You’ll want to skillfully employ WASD and QERF keys to circulation around and zoom-in/zoom-out.

As I used to be buying for piquant audio transforms, I came across the Wigner distribution characteristic (or lawful WDF). The instance on Wikipedia seems indeed piquant and it’s “sold” as a characteristic that “supplies the most practical that that you just can perchance perchance also deem temporal vs frequency resolution which is mathematically that that you just can perchance perchance also deem contained in the obstacles of the uncertainty precept” and thus “when a signal is no longer time restricted, its WDF is exhausting to implement.” Looks, WDF isn’t grand extra difficult to implement than undeniable FFT.

The definition of WDF is this:

It does an piquant trick: at every time limit it inverts the audio signal and multiplies it by its long-established time-ahead model.

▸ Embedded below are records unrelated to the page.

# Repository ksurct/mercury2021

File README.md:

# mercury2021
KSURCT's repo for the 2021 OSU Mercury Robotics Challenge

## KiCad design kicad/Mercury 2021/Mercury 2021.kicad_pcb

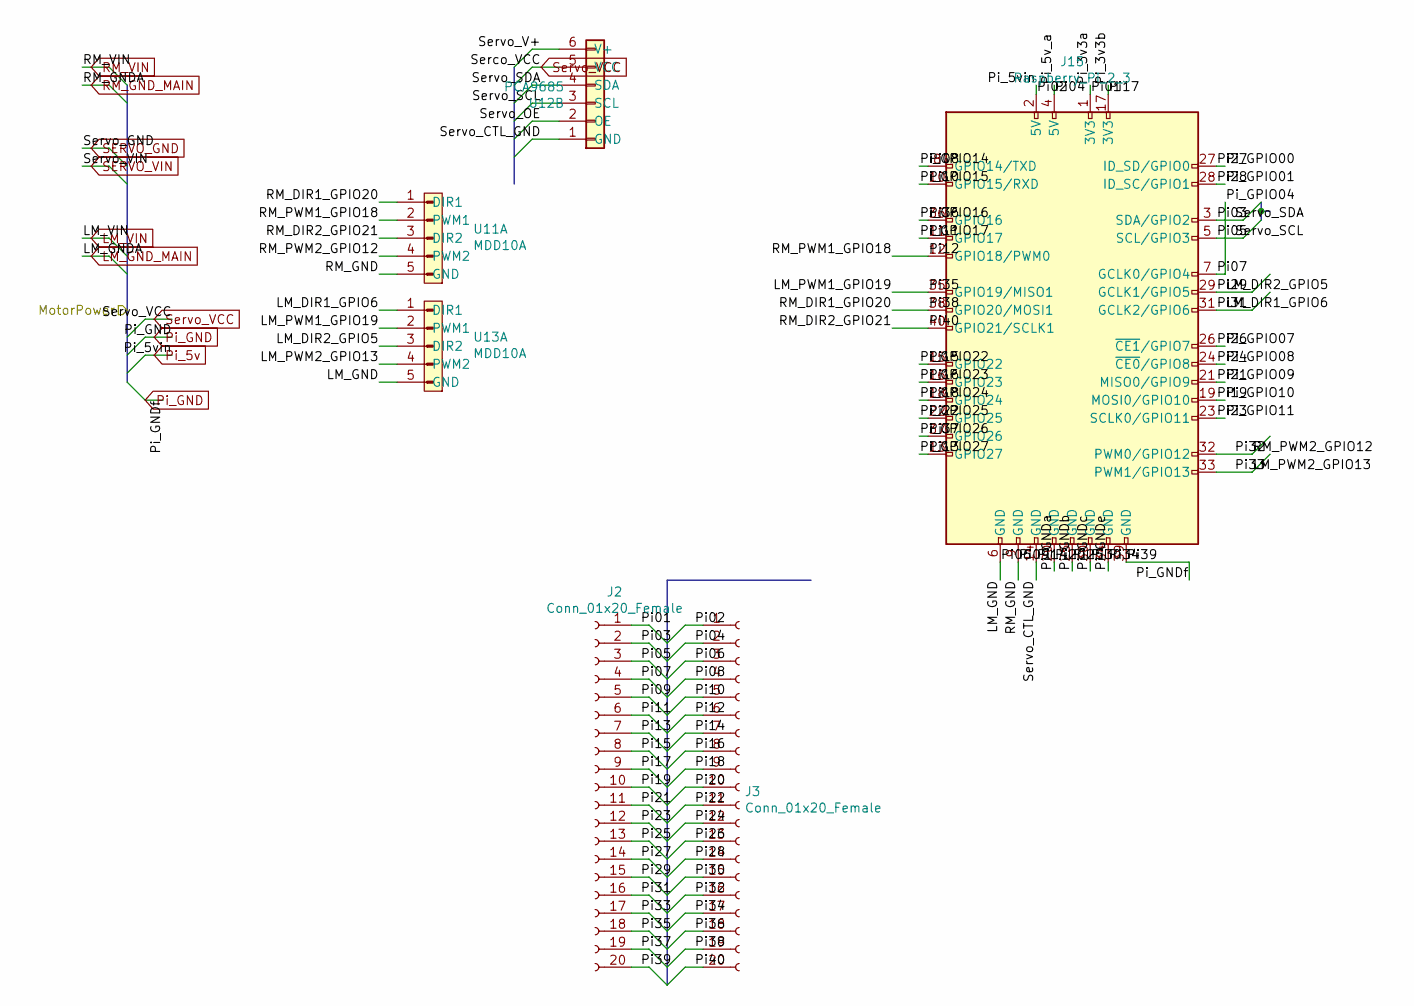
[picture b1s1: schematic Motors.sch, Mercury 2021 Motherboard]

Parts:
J2, J3: Conn_01x20_Female; PinSocket_1x20_P2.54mm_Vertical
J15: Raspberry_Pi_2_3; PinSocket_2x20_P2.54mm_Vertical
U11, U13: MDD10A; PinSocket_1x05_P2.54mm_Vertical
U12: PCA9685; PinSocket_1x06_P2.54mm_Vertical

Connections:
5v_Rail: J3.1, J15.2 (5V), U12.5 (VCC); also elsewhere on the board
/Motors/LM_DIR1_GPIO6: J2.16, J15.31 (GCLK2/GPIO6), U13.1 (DIR1)
/Motors/LM_DIR2_GPIO5: J2.15, J15.29 (GCLK1/GPIO5), U13.3 (DIR2)
/Motors/LM_GND: J3.3, J15.6 (GND), U13.5 (GND)
/Motors/LM_PWM1_GPIO19: J2.18, J15.35 (GPIO19/MISO1), U13.2 (PWM1)
/Motors/LM_PWM2_GPIO13: J2.17, J15.33 (PWM1/GPIO13), U13.4 (PWM2)
/Motors/Pi01: J2.1, J15.1 (3V3)
/Motors/Pi03: J2.2, J15.3 (SDA/GPIO2), U12.4 (SDA)
/Motors/Pi04: J3.2, J15.4 (5V)
/Motors/Pi05: J2.3, J15.5 (SCL/GPIO3), U12.3 (SCL)
/Motors/Pi07: J2.4, J15.7 (GCLK0/GPIO4)
/Motors/Pi08: J3.4, J15.8 (GPIO14/TXD)
/Motors/Pi09: J2.5, J15.9 (GND), U11.5 (GND)
/Motors/Pi10: J3.5, J15.10 (GPIO15/RXD)
/Motors/Pi11: J2.6, J15.11 (GPIO17)
/Motors/Pi12: J3.6, J15.12 (GPIO18/PWM0), U11.2 (PWM1)
/Motors/Pi13: J2.7, J15.13 (GPIO27)
/Motors/Pi14: J3.7, J15.14 (GND), U12.1 (GND)
/Motors/Pi15: J2.8, J15.15 (GPIO22)
/Motors/Pi16: J3.8, J15.16 (GPIO23)
/Motors/Pi17: J2.9, J15.17 (3V3)
/Motors/Pi18: J3.9, J15.18 (GPIO24)
/Motors/Pi19: J2.10, J15.19 (MOSI0/GPIO10)
/Motors/Pi20: J3.10, J15.20 (GND)
/Motors/Pi21: J2.11, J15.21 (MISO0/GPIO9)
/Motors/Pi22: J3.11, J15.22 (GPIO25)
/Motors/Pi23: J2.12, J15.23 (SCLK0/GPIO11)
/Motors/Pi24: J3.12, J15.24 (~CE0~/GPIO8)
/Motors/Pi25: J2.13, J15.25 (GND)
/Motors/Pi26: J3.13, J15.26 (~CE1~/GPIO7)
/Motors/Pi27: J2.14, J15.27 (ID_SD/GPIO0)
/Motors/Pi28: J3.14, J15.28 (ID_SC/GPIO1)
/Motors/Pi30: J3.15, J15.30 (GND)
/Motors/Pi32: J3.16, J15.32 (PWM0/GPIO12), U11.4 (PWM2)
/Motors/Pi34: J3.17, J15.34 (GND)
/Motors/Pi36: J3.18, J15.36 (GPIO16)
/Motors/Pi37: J2.19, J15.37 (GPIO26)
/Motors/Pi38: J3.19, J15.38 (GPIO20/MOSI1), U11.1 (DIR1)
/Motors/Pi40: J3.20, J15.40 (GPIO21/SCLK1), U11.3 (DIR2)
/Motors/Servo_OE: U12.2 (OE)
/Motors/Servo_V+: U12.6 (V+)
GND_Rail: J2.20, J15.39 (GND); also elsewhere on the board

That is shining on chronicle of a periodic signal at time T would in the neighborhood correlate with a time inverted model of itself, nonetheless in WDF this correlation isn’t time bounded, so if the signal is 1 hour lengthy, WDF will multiply two one hour lengthy alerts to compute lawful one fee at T. This seems meaningless first and most most principal gape, as the random contributions 30 mins some distance from the recent second would form WDF random, nonetheless a more in-depth watch unearths that if these some distance-off contributions are indeed random, they would end out each and every assorted, and they also invent out (to an extent). The complicated exponent on the honest is successfully the identical outdated FFT on the ahead-inverted correlation.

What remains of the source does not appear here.